The behavioral genetic study of twin research has vastly enriched and complicated the terms of the nature vs. nurture dispute, and as such has made important contributions to social science methodology. Wright’s treatment of the increasing complexity of the debate in his Chapters 9 and 10, "The Environment We Make" and "Beyond Nature versus Nurture", is more sketchy than the topic deserves . Some of these complicating factors are as follows. First, the term "nurture" should no longer be equated with "environment". The former term holds too much association with parenting and with the very young, while very good research seems to indicate that in all but extreme cases such early parenting has little effect. Second, the term "environment" cannot be taken to mean experiences after birth since, as Wright aptly describes, a great deal more than previously thought goes on in utero. Third, the core of parenting research is the measurement of "parenting effects", for example, of "what works and what doesn’t work". But the idea of "parenting effects" should not be equated, as the "nature" literature does, only with the direct effects upon the cognitive capacities and personality traits of parent-to-child behavior. A more fruitful concept of "parenting effects" would include the direct effects of parent-to-child crisis intervention (e.g., dealing with childhood depression, anorexia, drug use, teen pregnancy, etc.) which has little to do with affecting a child’s cognitive capacities or personality traits. Parenting effects must measure as well the teaching of information and skills (as opposed to the shaping of traits) that a parent can accomplish which significantly broaden the child’s range of adult choices. Finally, there are "indirect effects" of parenting behaviors that result from the parent’s control of a child’s social environments. This is a "nurture" factor that even the "nature" side agrees is substantial, but is reluctant to acknowledge as "parenting effects". If the concept of "parenting effects" was broadened in this way the research would of course become more complex, but the slice of an adolescent or adult’s life that is attributable to parental actions would become far greater.

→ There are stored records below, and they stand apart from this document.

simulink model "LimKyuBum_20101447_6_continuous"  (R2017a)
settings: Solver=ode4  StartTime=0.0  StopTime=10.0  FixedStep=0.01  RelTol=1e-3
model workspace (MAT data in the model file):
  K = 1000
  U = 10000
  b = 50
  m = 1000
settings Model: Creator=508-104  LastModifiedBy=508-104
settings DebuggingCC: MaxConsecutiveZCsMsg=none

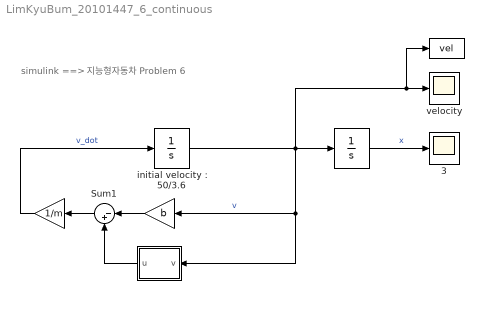
== system LimKyuBum_20101447_6_continuous ==
  note: simulink ==> 지능형자동차 Problem 6
  " " : Gain  Gain=b
  "  " : Subsystem
  "    " : Gain  Gain=1/m
  "     " : ToWorkspace  VariableName=vel  SaveFormat=Timeseries  SampleTime=-1
  "      " : Integrator
  " 3" : Scope
  " velocity" : Scope
  Sum1 : Sum  Inputs=|-+
  "initial velocity : 50/3.6" : Integrator  InitialCondition=50/3.6
  wires:
  "initial velocity : 50/3.6"/1 -> "      "/1, "  "/1(v), " "/1, "     "/1, " velocity"/1  "v"
  "    "/1 -> "initial velocity : 50/3.6"/1  "v_dot"
  " "/1 -> Sum1/1
  "  "/1(u) -> Sum1/2
  Sum1/1 -> "    "/1
  "      "/1 -> " 3"/1  "x"

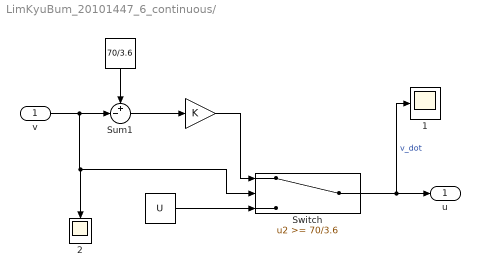
== system LimKyuBum_20101447_6_continuous/   ==
  v : Inport
  " " : Constant  Value=70/3.6
  "  " : Gain  Gain=K
  "    " : Constant  Value=U
  " 1" : Scope
  " 2" : Scope
  Sum1 : Sum  Inputs=+-|
  Switch : Switch  Threshold=70/3.6
  u : Outport
  wires:
  "  "/1 -> Switch/1
  " "/1 -> Sum1/1
  "    "/1 -> Switch/3
  Switch/1 -> " 1"/1, u/1  "v_dot"
  v/1 -> Switch/2, " 2"/1, Sum1/2
  Sum1/1 -> "  "/1
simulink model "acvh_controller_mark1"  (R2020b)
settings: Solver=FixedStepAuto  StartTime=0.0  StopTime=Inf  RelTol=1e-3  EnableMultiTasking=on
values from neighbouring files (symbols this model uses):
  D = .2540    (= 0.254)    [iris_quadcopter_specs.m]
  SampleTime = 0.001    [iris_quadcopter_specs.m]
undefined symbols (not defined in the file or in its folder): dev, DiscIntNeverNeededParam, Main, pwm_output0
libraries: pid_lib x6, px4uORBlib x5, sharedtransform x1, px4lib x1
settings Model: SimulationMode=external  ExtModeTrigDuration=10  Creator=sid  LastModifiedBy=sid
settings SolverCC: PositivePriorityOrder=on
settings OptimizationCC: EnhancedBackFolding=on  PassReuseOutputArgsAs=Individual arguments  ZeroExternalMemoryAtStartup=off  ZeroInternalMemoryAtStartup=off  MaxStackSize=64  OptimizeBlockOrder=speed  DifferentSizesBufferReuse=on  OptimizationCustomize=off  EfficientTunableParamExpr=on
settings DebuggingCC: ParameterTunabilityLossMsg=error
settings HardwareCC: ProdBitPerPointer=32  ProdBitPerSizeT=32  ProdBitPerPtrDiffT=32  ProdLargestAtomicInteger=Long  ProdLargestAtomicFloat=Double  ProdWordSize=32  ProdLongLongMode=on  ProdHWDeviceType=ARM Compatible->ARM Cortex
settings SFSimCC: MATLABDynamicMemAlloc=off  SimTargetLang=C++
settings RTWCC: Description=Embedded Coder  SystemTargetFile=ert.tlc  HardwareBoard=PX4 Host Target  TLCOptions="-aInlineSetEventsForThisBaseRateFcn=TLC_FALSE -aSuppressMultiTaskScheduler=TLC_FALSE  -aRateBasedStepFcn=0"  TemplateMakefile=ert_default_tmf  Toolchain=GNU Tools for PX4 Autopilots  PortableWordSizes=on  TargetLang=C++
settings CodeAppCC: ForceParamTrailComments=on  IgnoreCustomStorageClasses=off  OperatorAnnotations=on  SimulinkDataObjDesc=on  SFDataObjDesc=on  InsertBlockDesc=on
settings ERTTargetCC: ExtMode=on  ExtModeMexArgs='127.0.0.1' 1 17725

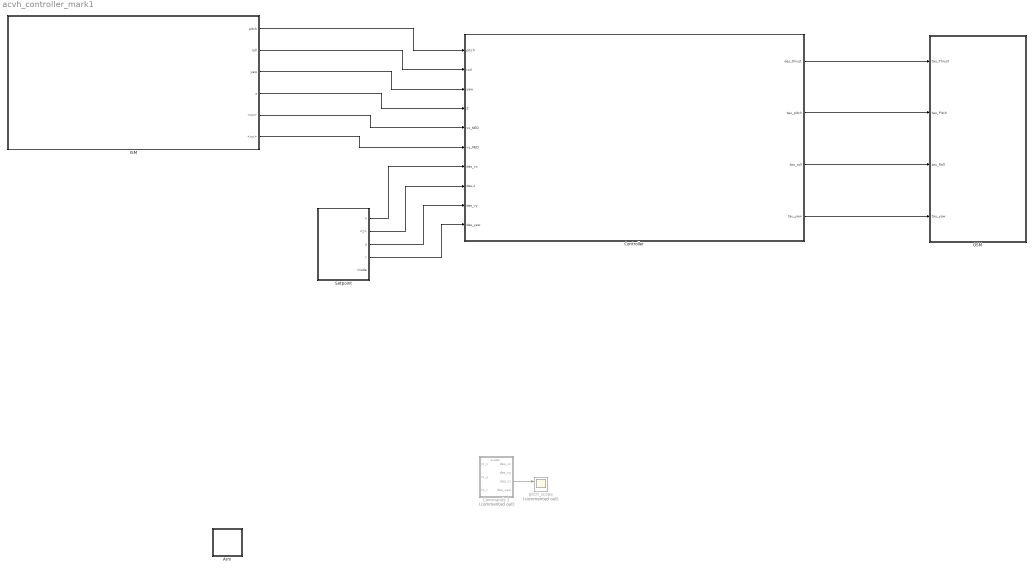
== system acvh_controller_mark1 ==
  Arm : Subsystem
  Commands 1 : Subsystem  Commented=on
  Controller : Subsystem
  ISM : Subsystem
  OSM : Subsystem
  Setpoint : Subsystem
  pitch_scope : Scope  Commented=on  NumInputPorts=2
  wires:
  Controller/1(des_thrust) -> OSM/1(tau_Thrust)
  Controller/3(tau_roll) -> OSM/3(tau_Roll)
  Controller/4(tau_yaw) -> OSM/4(tau_yaw)
  Commands 1/3(des_vz) -> pitch_scope/1
  Controller/2(tau_pitch) -> OSM/2(tau_Pitch)
  ISM/1(pitch) -> Controller/1(pitch)
  ISM/2(roll) -> Controller/2(roll)
  ISM/3(yaw) -> Controller/3(yaw)
  ISM/4(z) -> Controller/4(Z)
  ISM/5(<vx>) -> Controller/5(vx_NED)
  ISM/6(<vy>) -> Controller/6(vy_NED)
  Setpoint/4(r) -> Controller/10(des_yaw)
  Setpoint/1(x) -> Controller/7(des_vx)
  Setpoint/3(y) -> Controller/9(des_vy)
  Setpoint/2(<z>) -> Controller/8(des-z)

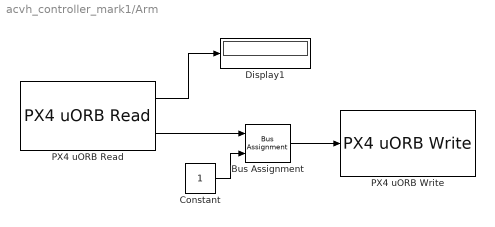
== system acvh_controller_mark1/Arm ==
  Bus Assignment : BusAssignment  AssignedSignals=armed
  Constant : Constant  OutDataTypeStr=Inherit: Inherit via back propagation  SampleTime=SampleTime
  Display1 : Display
  PX4 uORB Read : px4uORBlib/PX4 uORB Read  uORBTopic=actuator_armed  selectInstance=actuator_armed  SampleTime=SampleTime  BlockingMode=off  BlockTimeout=1e-3
      settings: SourceProductBaseCode=PX4AUTOPILOTS
  PX4 uORB Write : px4uORBlib/PX4 uORB Write  uORBTopic=actuator_armed  selectInstance=actuator_armed  MessageQueueLen=1
      settings: SourceProductBaseCode=PX4AUTOPILOTS
  wires:
  PX4 uORB Read/2 -> Bus Assignment/1
  PX4 uORB Read/1 -> Display1/1
  Bus Assignment/1 -> PX4 uORB Write/1
  Constant/1 -> Bus Assignment/2

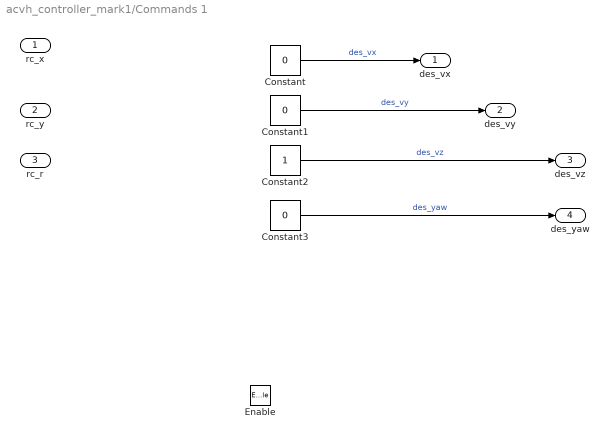
== system acvh_controller_mark1/Commands 1 ==
  rc_x : Inport
  rc_y : Inport  Port=2
  rc_r : Inport  Port=3
  Enable : EnablePort
  Constant : Constant  Value=0
  Constant1 : Constant  Value=0
  Constant2 : Constant
  Constant3 : Constant  Value=0
  des_vx : Outport
  des_vy : Outport  Port=2
  des_vz : Outport  Port=3
  des_yaw : Outport  Port=4
  wires:
  Constant1/1 -> des_vy/1  "des_vy"
  Constant/1 -> des_vx/1  "des_vx"
  Constant2/1 -> des_vz/1  "des_vz"
  Constant3/1 -> des_yaw/1  "des_yaw"

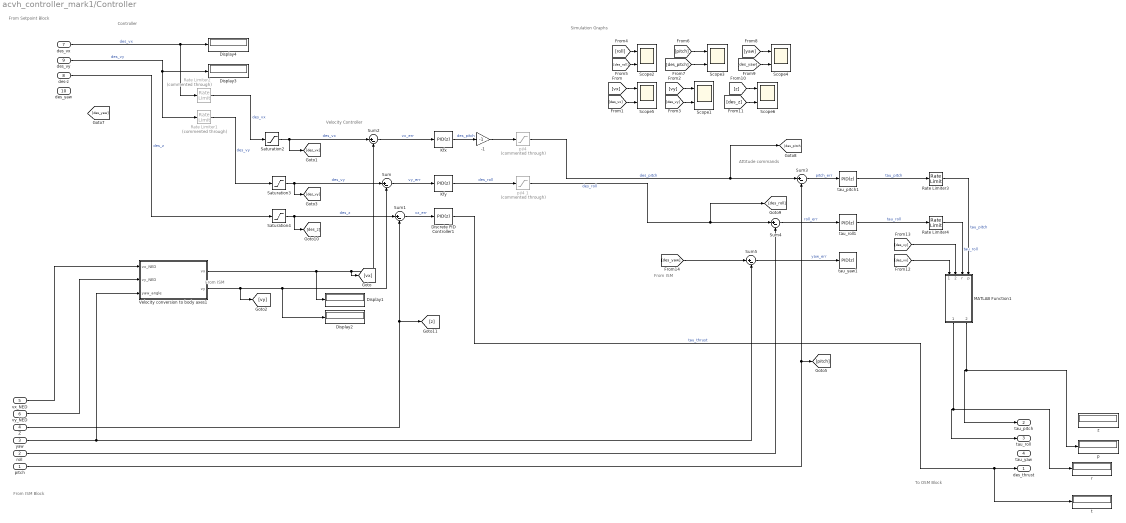
== system acvh_controller_mark1/Controller ==
  note: Simulation Graphs
  note: From Setpoint Block
  note: From ISM
  note: From ISM
  note: Controller
  note: Attitude commands
  note: Velocity Controller
  note: From ISM Block
  note: To OSM Block
  pitch : Inport
  roll : Inport  Port=2
  yaw : Inport  Port=3
  Z : Inport  Port=4
  vx_NED : Inport  Port=5
  vy_NED : Inport  Port=6
  des_vx : Inport  Port=7
  des-z : Inport  Port=8
  des_vy : Inport  Port=9
  des_yaw : Inport  Port=10
  -1 : Gain  Gain=-1
  Discrete PID Controller1 : pid_lib/PID Controller  Controller=PID  Form=Parallel  TimeDomain=Discrete-time  UseExternalTs=off  SampleTime=SampleTime  IntegratorMethod=Trapezoidal  FilterMethod=Trapezoidal  ControllerParametersSource=internal  P=-0.0534535340221691  I=-0.00566953766767209  D=-0.123220888476467  UseFilter=on  N=26.3491959083223  TunerSelectOption=Transfer Function Based (PID Tuner App)  InitialConditionSource=internal  InitialConditionForIntegrator=0  InitialConditionForFilter=0  DifferentiatorICPrevScaledInput=0  ExternalReset=none  TrackingMode=off  Kt=1  LimitOutput=off  SatLimitsSource=internal  UpperSaturationLimit=10  LowerSaturationLimit=-.05  LinearizeAsGain=off  AntiWindupMode=back-calculation  Kb=10  POutMin=[]  POutMax=[]  IOutMin=[]  IOutMax=[]  DOutMin=[]  DOutMax=[]  NOutMin=[]  NOutMax=[]  SumOutMin=[]  SumOutMax=[]  SaturationOutMin=[]  SaturationOutMax=[]  PParamMin=[]  PParamMax=[]  IParamMin=[]  IParamMax=[]  DParamMin=[]  DParamMax=[]  NParamMin=[]  NParamMax=[]  KbParamMin=[]  KbParamMax=[]  KtParamMin=[]  KtParamMax=[]  KbOutMin=[]  KbOutMax=[]  KtOutMin=[]  KtOutMax=[]  IntegratorOutMin=[]  IntegratorOutMax=[]  FilterOutMin=[]  FilterOutMax=[]  SumI1OutMin=[]  SumI1OutMax=[]  SumI2OutMin=[]  SumI2OutMax=[]  SumI3OutMin=[]  SumI3OutMax=[]  SumI4OutMin=[]  SumI4OutMax=[]  SumDOutMin=[]  SumDOutMax=[]  DifferentiatorOutMin=[]  DifferentiatorOutMax=[]  FilterDiffOutCoefMin=[]  FilterDiffOutCoefMax=[]  ReciprocalOutMin=[]  ReciprocalOutMax=[]  SumDenOutMin=[]  SumDenOutMax=[]  SumNumOutMin=[]  SumNumOutMax=[]  DivideOutMin=[]  DivideOutMax=[]  UdiffTsProdOutMin=[]  UdiffTsProdOutMax=[]  NTsProdOutMin=[]  NTsProdOutMax=[]  UintegralTsProdOutMin=[]  UintegralTsProdOutMax=[]  UngainTsProdOutMin=[]  UngainTsProdOutMax=[]  IntegratorContinuousStateAttributes=''  IntegratorStateMustResolveToSignalObject=off  IntegratorRTWStateStorageClass=Auto  FilterContinuousStateAttributes=''  FilterStateMustResolveToSignalObject=off  FilterRTWStateStorageClass=Auto  ParallelPVariant=InternalParameters  IdealPVariant=Disabled  IVariant=InternalParameters  DVariant=InternalParameters  IntegratorVariant=Discrete  SatVariant=Disabled  AWVariant=Passthrough  PCopyVariant=Disabled  TRVariant=Disabled  FdbkBlocksVariant=Forward  IdealPFdbkVariant=Disabled  SatFdbkVariant=Disabled  DerivativeFilterVariant=TrapezoidalFilter  NVariant=InternalParameters  NCopyVariant=InternalParameters  FilterICVariant=InternalICsFilter  IntegratorICVariant=InternalICs  ExternalResetVariant=Disabled  TRSumVariant=Passthrough  SumFdbkVariant=Disabled  SumVariant=Sum_PID  TsampFilterVariant=InternalTs  TsampNgainVariant=Passthrough  TsampIntegralVariant=Passthrough  ExternalSaturationOutDataTypeStr=Inherit: Same as second input
  Display{1..4} (4 alike) : Display
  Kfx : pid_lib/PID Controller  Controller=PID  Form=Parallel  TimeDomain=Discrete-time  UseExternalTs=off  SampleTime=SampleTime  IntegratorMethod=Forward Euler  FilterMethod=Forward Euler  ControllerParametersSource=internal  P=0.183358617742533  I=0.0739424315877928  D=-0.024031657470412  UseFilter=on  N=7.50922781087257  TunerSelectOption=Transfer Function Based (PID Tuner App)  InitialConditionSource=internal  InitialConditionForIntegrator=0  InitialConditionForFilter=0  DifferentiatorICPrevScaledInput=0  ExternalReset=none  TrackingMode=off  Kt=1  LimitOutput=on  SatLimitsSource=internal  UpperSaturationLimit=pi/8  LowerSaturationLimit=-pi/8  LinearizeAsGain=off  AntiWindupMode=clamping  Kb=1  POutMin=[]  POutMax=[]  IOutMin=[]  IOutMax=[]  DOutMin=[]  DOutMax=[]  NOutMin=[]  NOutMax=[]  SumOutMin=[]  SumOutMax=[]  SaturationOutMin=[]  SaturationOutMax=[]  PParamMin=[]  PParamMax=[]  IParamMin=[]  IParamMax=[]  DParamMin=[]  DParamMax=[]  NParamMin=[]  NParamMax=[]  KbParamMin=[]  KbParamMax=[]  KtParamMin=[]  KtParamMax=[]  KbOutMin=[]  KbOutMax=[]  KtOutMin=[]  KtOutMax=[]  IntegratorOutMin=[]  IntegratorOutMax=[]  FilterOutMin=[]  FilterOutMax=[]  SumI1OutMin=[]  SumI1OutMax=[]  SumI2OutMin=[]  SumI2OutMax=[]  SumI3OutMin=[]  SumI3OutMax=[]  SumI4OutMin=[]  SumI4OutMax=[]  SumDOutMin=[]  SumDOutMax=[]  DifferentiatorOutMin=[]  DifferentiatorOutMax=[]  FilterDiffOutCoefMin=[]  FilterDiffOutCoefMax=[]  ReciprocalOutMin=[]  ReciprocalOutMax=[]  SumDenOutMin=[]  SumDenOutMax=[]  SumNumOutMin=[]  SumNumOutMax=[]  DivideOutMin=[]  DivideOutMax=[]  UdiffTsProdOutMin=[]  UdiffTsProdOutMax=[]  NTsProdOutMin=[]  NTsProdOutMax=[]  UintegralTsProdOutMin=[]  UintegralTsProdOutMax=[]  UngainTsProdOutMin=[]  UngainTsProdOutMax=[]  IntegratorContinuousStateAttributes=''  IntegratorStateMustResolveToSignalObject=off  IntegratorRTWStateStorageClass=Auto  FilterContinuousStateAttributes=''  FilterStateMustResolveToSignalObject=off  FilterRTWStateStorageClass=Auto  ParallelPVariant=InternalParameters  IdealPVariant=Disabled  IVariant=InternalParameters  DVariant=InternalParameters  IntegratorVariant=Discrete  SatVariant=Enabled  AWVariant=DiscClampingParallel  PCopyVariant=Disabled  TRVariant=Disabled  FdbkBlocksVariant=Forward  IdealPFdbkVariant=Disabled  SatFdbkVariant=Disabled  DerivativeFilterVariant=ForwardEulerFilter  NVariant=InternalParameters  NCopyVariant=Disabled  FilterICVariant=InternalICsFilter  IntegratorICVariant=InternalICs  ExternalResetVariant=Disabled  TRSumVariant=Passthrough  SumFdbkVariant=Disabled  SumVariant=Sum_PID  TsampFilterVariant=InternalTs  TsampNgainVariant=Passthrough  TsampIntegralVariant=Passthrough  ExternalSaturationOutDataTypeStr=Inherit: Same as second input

The final complication involves the idea of "genetic effects". One need not limit the idea of "genetic effects" only to direct genotype-to-trait interactions as one would find with genotype-to-mild retardation. There are also environmental effects that are "induced" by genetic effects. Children whose genes supply musical giftedness are likely to have musical parents who create reinforcing musical environments (passive effects). Musically gifted children are likely to receive strong reinforcements from peers and others, creating environments that enhance their musical accomplishments (evocative effects). Such children are likely to seek out musical peers, thus creating environments that contribute to their musicality (active effects). Behavioral geneticists refer to these as "indirect genetic effects", effectively reassigning a slice of the "nurture" pie to the "nature" camp (Plomin 1990). Wright’s treatment of this issue is cursory. Social and behavioral researchers of all stripes and interests can learn a great deal from these contributions to the added complexity of nature vs. nurture as explanatory devices.

There is much more of interest in this volume including new estimates made possible by advanced ultrasound technologies of the frequency of twin conception, the "mystery of lost twins" in utero, conjectures that left-handed singletons are survivors of vanished twin pairs, and more. While preparing this review I had the pleasure of sharing dinner with parents of adult MZ twin girls. The material of this work made for interesting conversation testing its contents against their experiences. The book is recommended to general audiences.

John Mullen is Professor of Philosophy at Dowling College, Long Island. He is author of Hard Thinking: The Reintroduction of Logic into Everyday Life and Kierkegaard's Philosophy: Self-Deception and Cowardice in the Present Age.He is currently working on a book on ethical issues in the family.